• **Problem**: With every picture left out, restate the listing below exactly as written.

• **Input**:
● ● ● ● ● ● ●
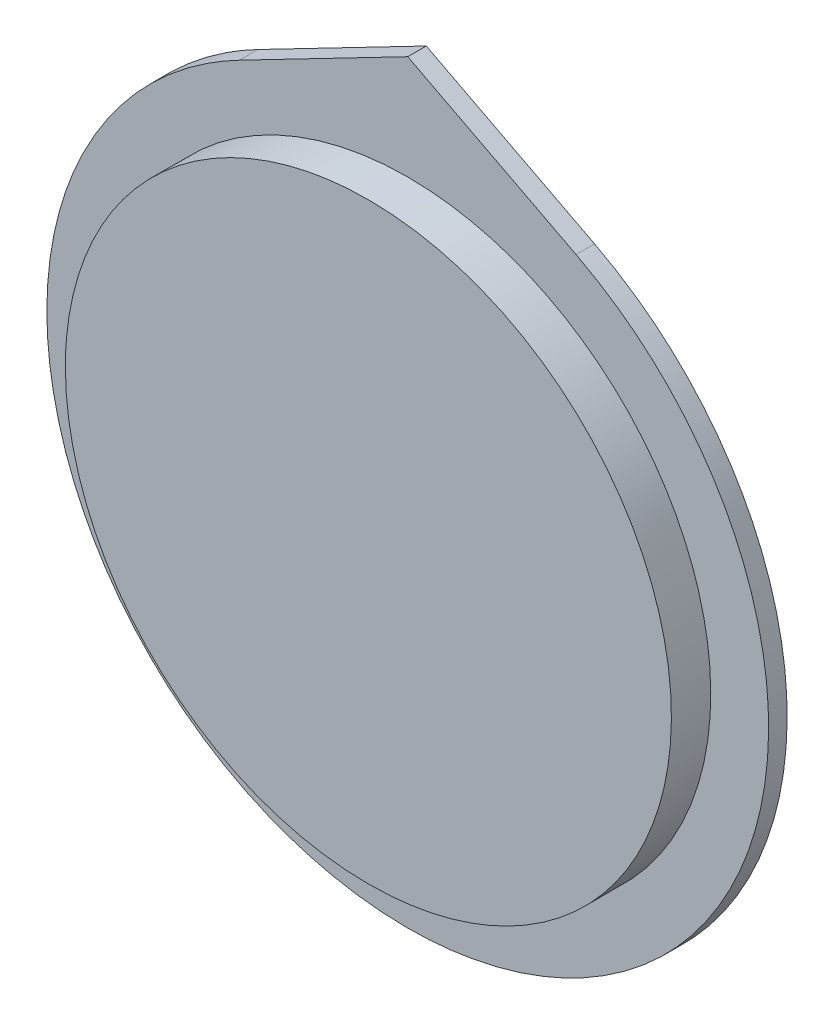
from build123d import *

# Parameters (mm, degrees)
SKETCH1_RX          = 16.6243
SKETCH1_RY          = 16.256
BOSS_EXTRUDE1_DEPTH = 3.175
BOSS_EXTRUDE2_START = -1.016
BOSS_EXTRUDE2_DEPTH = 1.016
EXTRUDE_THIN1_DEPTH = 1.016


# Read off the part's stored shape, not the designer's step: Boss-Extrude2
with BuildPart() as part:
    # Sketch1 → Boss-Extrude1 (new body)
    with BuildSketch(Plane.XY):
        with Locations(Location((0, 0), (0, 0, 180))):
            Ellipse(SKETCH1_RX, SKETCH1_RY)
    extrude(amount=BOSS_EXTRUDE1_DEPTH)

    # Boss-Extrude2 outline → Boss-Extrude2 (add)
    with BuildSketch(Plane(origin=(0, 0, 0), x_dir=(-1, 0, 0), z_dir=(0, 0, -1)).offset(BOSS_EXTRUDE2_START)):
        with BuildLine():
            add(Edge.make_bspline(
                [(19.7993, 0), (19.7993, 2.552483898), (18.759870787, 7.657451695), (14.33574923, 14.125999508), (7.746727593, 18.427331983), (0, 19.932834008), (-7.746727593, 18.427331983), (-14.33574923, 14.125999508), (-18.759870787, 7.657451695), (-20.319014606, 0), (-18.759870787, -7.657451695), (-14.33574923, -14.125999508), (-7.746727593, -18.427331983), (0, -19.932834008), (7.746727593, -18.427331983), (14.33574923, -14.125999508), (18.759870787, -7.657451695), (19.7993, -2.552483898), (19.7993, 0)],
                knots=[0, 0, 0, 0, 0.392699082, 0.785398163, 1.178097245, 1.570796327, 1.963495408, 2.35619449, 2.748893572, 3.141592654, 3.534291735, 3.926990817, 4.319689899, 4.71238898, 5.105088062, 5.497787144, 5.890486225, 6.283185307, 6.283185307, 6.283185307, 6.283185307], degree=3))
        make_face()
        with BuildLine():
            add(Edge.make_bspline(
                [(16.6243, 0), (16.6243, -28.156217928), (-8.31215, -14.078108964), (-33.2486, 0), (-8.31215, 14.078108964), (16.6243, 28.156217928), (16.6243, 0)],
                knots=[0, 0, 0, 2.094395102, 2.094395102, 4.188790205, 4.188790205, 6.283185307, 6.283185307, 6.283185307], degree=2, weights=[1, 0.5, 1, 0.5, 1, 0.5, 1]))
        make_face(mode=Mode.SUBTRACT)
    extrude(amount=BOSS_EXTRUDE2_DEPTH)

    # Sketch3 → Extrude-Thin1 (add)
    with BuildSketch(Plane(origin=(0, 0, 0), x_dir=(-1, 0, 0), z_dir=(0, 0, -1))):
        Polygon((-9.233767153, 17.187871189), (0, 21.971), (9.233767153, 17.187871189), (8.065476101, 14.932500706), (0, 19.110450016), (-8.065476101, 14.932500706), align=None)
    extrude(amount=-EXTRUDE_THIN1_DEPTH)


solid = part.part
● ● ● ● ● ● ●
• **Solution below**:
from build123d import *

# Parameters (mm, degrees)
SKETCH1_RX          = 16.6243
SKETCH1_RY          = 16.256
BOSS_EXTRUDE1_DEPTH = 3.175
BOSS_EXTRUDE2_START = -1.016
BOSS_EXTRUDE2_DEPTH = 1.016
EXTRUDE_THIN1_DEPTH = 1.016


# Read off the part's stored shape, not the designer's step: Boss-Extrude2
with BuildPart() as part:
    # Sketch1 → Boss-Extrude1 (new body)
    with BuildSketch(Plane.XY):
        with Locations(Location((0, 0), (0, 0, 180))):
            Ellipse(SKETCH1_RX, SKETCH1_RY)
    extrude(amount=BOSS_EXTRUDE1_DEPTH)

    # Boss-Extrude2 outline → Boss-Extrude2 (add)
    with BuildSketch(Plane(origin=(0, 0, 0), x_dir=(-1, 0, 0), z_dir=(0, 0, -1)).offset(BOSS_EXTRUDE2_START)):
        with BuildLine():
            add(Edge.make_bspline(
                [(19.7993, 0), (19.7993, 2.552483898), (18.759870787, 7.657451695), (14.33574923, 14.125999508), (7.746727593, 18.427331983), (0, 19.932834008), (-7.746727593, 18.427331983), (-14.33574923, 14.125999508), (-18.759870787, 7.657451695), (-20.319014606, 0), (-18.759870787, -7.657451695), (-14.33574923, -14.125999508), (-7.746727593, -18.427331983), (0, -19.932834008), (7.746727593, -18.427331983), (14.33574923, -14.125999508), (18.759870787, -7.657451695), (19.7993, -2.552483898), (19.7993, 0)],
                knots=[0, 0, 0, 0, 0.392699082, 0.785398163, 1.178097245, 1.570796327, 1.963495408, 2.35619449, 2.748893572, 3.141592654, 3.534291735, 3.926990817, 4.319689899, 4.71238898, 5.105088062, 5.497787144, 5.890486225, 6.283185307, 6.283185307, 6.283185307, 6.283185307], degree=3))
        make_face()
        with BuildLine():
            add(Edge.make_bspline(
                [(16.6243, 0), (16.6243, -28.156217928), (-8.31215, -14.078108964), (-33.2486, 0), (-8.31215, 14.078108964), (16.6243, 28.156217928), (16.6243, 0)],
                knots=[0, 0, 0, 2.094395102, 2.094395102, 4.188790205, 4.188790205, 6.283185307, 6.283185307, 6.283185307], degree=2, weights=[1, 0.5, 1, 0.5, 1, 0.5, 1]))
        make_face(mode=Mode.SUBTRACT)
    extrude(amount=BOSS_EXTRUDE2_DEPTH)

    # Sketch3 → Extrude-Thin1 (add)
    with BuildSketch(Plane(origin=(0, 0, 0), x_dir=(-1, 0, 0), z_dir=(0, 0, -1))):
        Polygon((-9.233767153, 17.187871189), (0, 21.971), (9.233767153, 17.187871189), (8.065476101, 14.932500706), (0, 19.110450016), (-8.065476101, 14.932500706), align=None)
    extrude(amount=-EXTRUDE_THIN1_DEPTH)


solid = part.part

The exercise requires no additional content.